What to work on
Scan the records below for the string "MathWorks" and return every line where it appears.
-- Data section follows --
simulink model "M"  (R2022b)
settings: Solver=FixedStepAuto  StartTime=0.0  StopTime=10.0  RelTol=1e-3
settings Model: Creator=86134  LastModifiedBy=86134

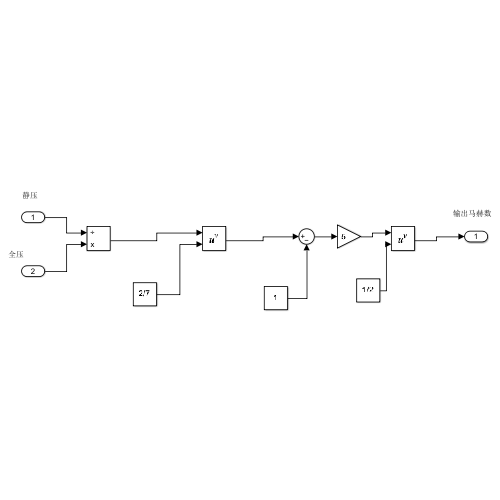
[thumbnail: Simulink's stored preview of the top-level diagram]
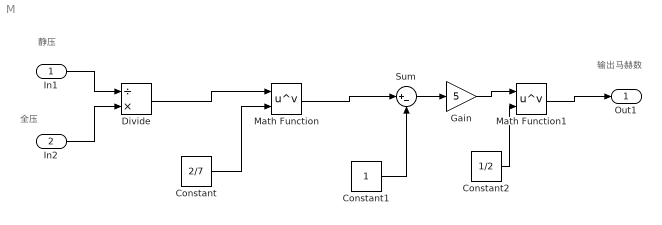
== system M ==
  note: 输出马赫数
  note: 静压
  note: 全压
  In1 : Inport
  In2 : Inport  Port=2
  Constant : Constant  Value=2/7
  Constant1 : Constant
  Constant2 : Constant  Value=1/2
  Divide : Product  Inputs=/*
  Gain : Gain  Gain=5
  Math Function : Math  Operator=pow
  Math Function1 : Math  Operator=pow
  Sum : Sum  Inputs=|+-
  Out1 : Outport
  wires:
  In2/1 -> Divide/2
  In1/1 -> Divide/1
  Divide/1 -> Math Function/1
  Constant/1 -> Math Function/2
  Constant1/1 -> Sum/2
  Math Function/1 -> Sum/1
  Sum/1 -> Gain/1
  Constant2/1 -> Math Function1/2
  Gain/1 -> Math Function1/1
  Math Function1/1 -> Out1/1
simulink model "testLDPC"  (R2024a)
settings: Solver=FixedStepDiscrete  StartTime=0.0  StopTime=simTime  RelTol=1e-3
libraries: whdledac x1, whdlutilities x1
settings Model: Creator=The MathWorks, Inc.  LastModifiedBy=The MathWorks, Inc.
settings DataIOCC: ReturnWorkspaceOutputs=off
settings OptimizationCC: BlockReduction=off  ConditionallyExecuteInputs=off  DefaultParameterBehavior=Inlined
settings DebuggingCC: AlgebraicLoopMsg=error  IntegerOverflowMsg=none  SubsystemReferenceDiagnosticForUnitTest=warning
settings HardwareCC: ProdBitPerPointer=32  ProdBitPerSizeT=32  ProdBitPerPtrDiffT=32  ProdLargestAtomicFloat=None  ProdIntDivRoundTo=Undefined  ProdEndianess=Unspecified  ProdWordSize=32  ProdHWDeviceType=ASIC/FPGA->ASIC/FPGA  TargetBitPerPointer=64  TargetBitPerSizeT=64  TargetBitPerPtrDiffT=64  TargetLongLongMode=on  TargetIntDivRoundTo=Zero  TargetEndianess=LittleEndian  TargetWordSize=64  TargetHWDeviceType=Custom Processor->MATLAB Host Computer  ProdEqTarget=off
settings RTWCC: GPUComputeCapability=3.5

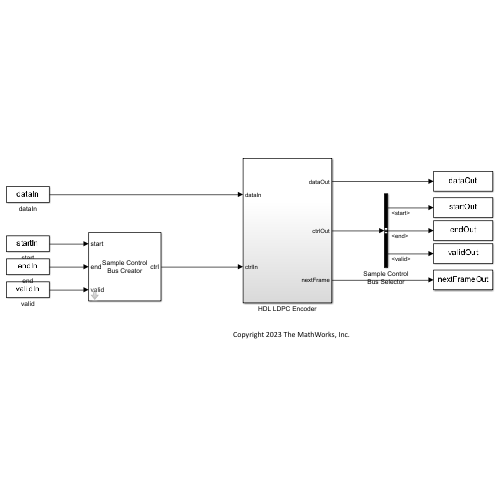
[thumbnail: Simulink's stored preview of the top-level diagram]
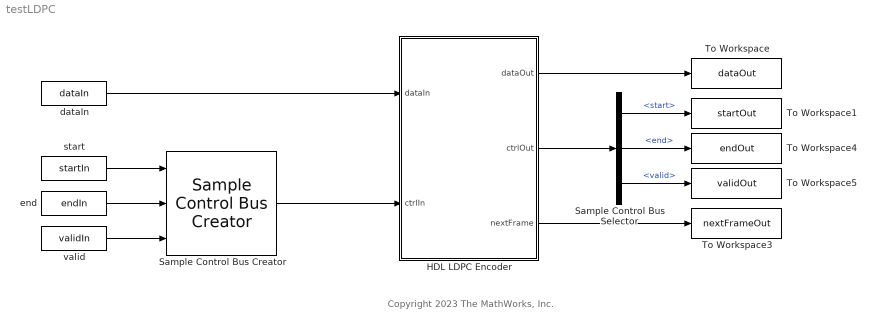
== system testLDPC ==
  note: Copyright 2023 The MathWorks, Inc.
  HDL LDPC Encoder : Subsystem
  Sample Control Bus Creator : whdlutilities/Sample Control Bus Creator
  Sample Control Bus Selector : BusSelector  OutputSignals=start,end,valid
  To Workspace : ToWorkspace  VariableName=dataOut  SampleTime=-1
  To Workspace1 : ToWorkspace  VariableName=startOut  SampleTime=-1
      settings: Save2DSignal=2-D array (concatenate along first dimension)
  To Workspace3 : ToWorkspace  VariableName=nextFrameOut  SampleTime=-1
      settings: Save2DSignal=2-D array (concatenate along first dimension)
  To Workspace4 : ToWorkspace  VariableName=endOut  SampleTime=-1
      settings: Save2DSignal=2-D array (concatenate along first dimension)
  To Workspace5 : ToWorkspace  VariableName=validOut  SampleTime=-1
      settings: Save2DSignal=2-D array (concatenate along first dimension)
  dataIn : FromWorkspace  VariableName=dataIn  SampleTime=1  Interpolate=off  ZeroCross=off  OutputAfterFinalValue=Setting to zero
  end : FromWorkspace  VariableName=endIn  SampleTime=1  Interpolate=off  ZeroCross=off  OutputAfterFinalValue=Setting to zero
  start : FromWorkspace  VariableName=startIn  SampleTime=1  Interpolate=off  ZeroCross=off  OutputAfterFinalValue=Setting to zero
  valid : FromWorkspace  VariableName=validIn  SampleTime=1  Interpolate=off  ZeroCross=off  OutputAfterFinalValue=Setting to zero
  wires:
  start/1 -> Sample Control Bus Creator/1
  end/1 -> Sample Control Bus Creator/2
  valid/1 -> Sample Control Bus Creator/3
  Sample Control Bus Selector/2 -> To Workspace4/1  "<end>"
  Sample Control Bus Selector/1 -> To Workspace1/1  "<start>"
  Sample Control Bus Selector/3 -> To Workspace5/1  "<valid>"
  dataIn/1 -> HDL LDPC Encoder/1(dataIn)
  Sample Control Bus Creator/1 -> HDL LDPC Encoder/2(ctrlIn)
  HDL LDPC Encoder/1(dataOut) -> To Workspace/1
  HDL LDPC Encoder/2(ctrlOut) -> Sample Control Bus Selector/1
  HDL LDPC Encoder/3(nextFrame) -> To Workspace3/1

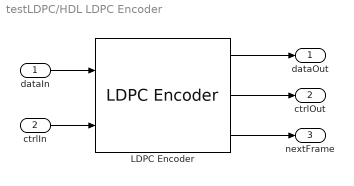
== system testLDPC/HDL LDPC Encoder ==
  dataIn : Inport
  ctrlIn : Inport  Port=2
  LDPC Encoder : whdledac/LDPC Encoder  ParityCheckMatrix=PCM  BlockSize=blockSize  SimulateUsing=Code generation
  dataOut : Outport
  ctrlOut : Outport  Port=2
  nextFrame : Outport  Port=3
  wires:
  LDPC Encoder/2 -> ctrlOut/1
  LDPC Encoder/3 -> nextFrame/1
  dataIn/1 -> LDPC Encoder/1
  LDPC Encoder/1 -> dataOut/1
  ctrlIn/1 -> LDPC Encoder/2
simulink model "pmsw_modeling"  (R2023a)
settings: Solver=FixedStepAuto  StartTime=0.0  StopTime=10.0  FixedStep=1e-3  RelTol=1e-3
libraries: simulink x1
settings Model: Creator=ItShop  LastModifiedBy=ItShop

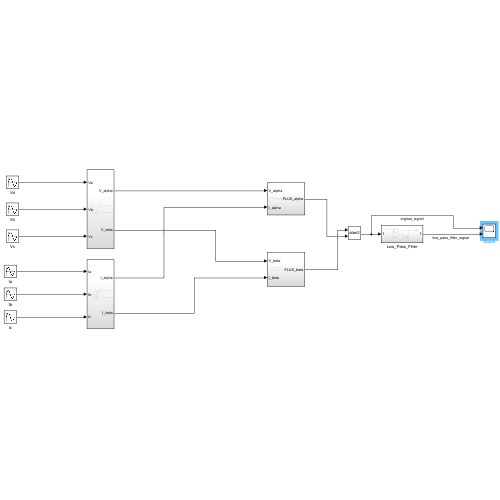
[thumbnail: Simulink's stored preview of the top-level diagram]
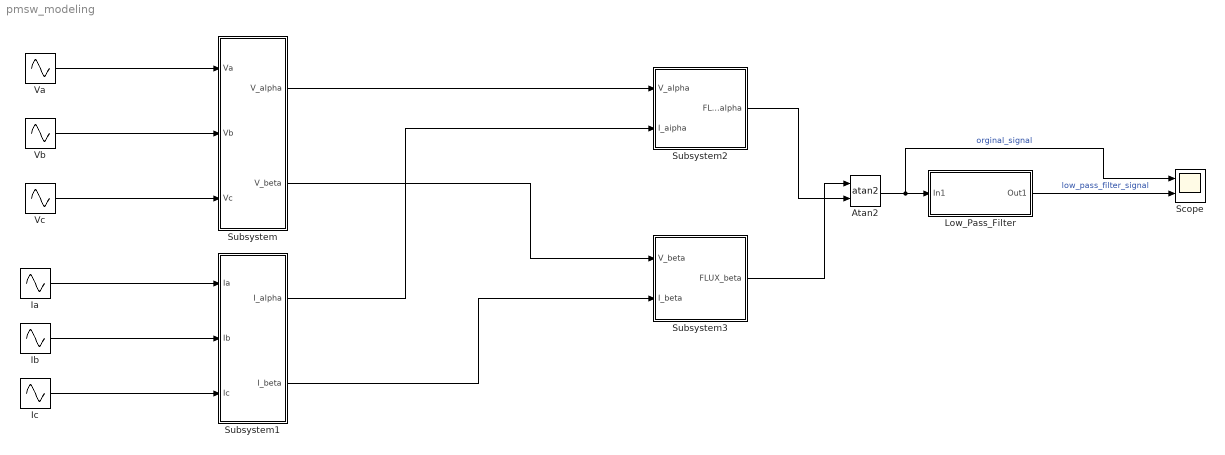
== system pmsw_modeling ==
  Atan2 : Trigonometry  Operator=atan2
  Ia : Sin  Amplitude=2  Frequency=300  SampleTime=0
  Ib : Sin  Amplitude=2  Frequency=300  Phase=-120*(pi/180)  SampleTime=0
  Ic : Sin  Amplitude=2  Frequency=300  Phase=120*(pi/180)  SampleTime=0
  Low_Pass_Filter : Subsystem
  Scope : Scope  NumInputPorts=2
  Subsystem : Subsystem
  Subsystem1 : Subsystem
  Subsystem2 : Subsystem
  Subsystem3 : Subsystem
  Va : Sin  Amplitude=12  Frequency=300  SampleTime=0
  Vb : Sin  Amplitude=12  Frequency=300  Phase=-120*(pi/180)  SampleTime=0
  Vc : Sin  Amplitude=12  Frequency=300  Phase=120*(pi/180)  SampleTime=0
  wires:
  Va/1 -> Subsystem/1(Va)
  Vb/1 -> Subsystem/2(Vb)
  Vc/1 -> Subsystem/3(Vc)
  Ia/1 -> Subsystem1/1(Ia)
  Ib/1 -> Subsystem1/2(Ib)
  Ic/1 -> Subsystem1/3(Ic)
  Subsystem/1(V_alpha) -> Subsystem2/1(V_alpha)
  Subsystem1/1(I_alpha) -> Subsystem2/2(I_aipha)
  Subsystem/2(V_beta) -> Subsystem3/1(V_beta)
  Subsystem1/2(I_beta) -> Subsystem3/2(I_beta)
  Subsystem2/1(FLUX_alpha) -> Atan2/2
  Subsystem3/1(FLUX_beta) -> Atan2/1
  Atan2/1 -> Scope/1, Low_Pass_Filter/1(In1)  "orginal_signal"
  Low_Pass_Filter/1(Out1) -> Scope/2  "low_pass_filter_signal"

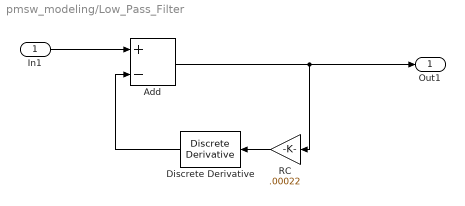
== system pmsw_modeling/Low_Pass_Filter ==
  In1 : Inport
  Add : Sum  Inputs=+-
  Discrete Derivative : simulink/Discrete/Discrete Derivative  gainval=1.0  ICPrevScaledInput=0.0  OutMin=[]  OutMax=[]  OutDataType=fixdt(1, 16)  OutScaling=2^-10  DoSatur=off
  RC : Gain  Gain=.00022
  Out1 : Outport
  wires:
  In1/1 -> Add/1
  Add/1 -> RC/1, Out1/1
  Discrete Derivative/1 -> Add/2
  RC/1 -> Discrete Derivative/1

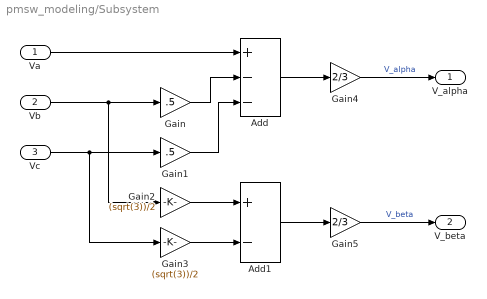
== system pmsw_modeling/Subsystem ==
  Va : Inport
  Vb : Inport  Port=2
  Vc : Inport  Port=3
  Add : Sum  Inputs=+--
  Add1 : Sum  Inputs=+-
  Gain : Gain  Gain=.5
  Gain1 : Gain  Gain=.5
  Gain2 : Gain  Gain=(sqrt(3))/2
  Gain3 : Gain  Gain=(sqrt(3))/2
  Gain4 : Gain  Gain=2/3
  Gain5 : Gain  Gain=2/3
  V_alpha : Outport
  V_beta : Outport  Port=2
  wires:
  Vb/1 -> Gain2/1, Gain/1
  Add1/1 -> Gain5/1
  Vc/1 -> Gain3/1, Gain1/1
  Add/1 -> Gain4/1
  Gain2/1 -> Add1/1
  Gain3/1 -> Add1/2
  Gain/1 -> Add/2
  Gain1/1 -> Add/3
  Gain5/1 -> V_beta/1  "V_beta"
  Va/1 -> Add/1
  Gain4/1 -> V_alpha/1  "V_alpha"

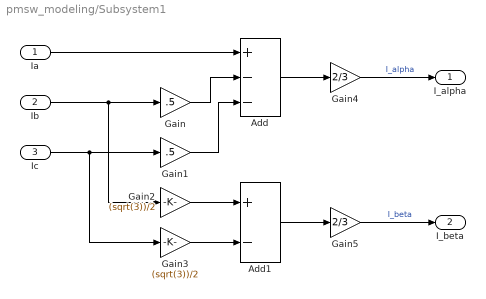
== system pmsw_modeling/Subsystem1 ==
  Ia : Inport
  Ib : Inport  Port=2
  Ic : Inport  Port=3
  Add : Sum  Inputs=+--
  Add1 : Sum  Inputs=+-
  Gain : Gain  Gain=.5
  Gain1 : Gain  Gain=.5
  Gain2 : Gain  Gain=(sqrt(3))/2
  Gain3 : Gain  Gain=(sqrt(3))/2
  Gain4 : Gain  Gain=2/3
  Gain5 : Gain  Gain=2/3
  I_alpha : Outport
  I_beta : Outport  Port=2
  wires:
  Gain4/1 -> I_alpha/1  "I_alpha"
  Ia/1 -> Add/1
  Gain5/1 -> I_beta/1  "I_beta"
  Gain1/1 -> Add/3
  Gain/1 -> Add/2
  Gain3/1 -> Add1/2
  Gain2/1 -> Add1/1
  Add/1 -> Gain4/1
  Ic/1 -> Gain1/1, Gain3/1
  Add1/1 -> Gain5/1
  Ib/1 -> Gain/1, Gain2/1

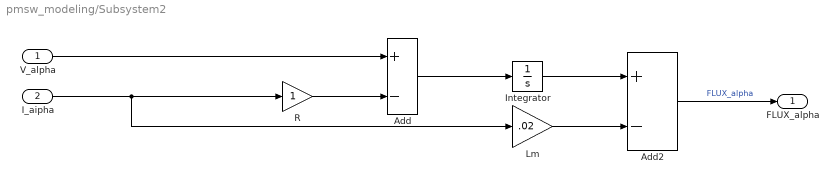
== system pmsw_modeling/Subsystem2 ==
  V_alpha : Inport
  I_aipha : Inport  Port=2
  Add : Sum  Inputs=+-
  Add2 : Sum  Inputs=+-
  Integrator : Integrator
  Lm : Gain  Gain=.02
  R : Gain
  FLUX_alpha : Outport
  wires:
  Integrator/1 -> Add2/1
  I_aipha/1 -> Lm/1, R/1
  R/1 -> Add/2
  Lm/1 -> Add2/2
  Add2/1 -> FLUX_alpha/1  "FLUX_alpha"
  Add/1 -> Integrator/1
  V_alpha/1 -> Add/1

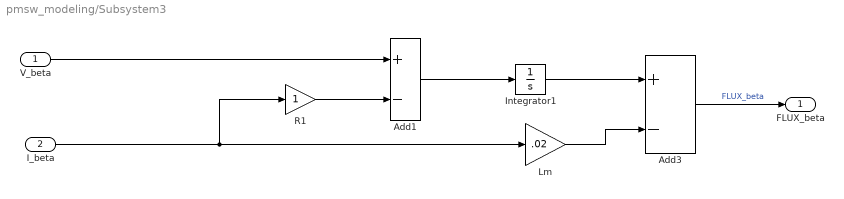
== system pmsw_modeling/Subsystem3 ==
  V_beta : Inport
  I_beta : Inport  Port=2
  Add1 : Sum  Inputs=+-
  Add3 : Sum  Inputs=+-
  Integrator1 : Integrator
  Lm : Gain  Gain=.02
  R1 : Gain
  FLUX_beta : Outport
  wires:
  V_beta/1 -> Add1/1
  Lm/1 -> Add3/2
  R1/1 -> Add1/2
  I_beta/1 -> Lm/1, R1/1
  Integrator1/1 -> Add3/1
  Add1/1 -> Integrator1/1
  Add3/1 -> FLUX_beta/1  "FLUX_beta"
-- Data section concluded --
Answer to the exercise
settings Model: Creator=The MathWorks, Inc.  LastModifiedBy=The MathWorks, Inc.
  note: Copyright 2023 The MathWorks, Inc.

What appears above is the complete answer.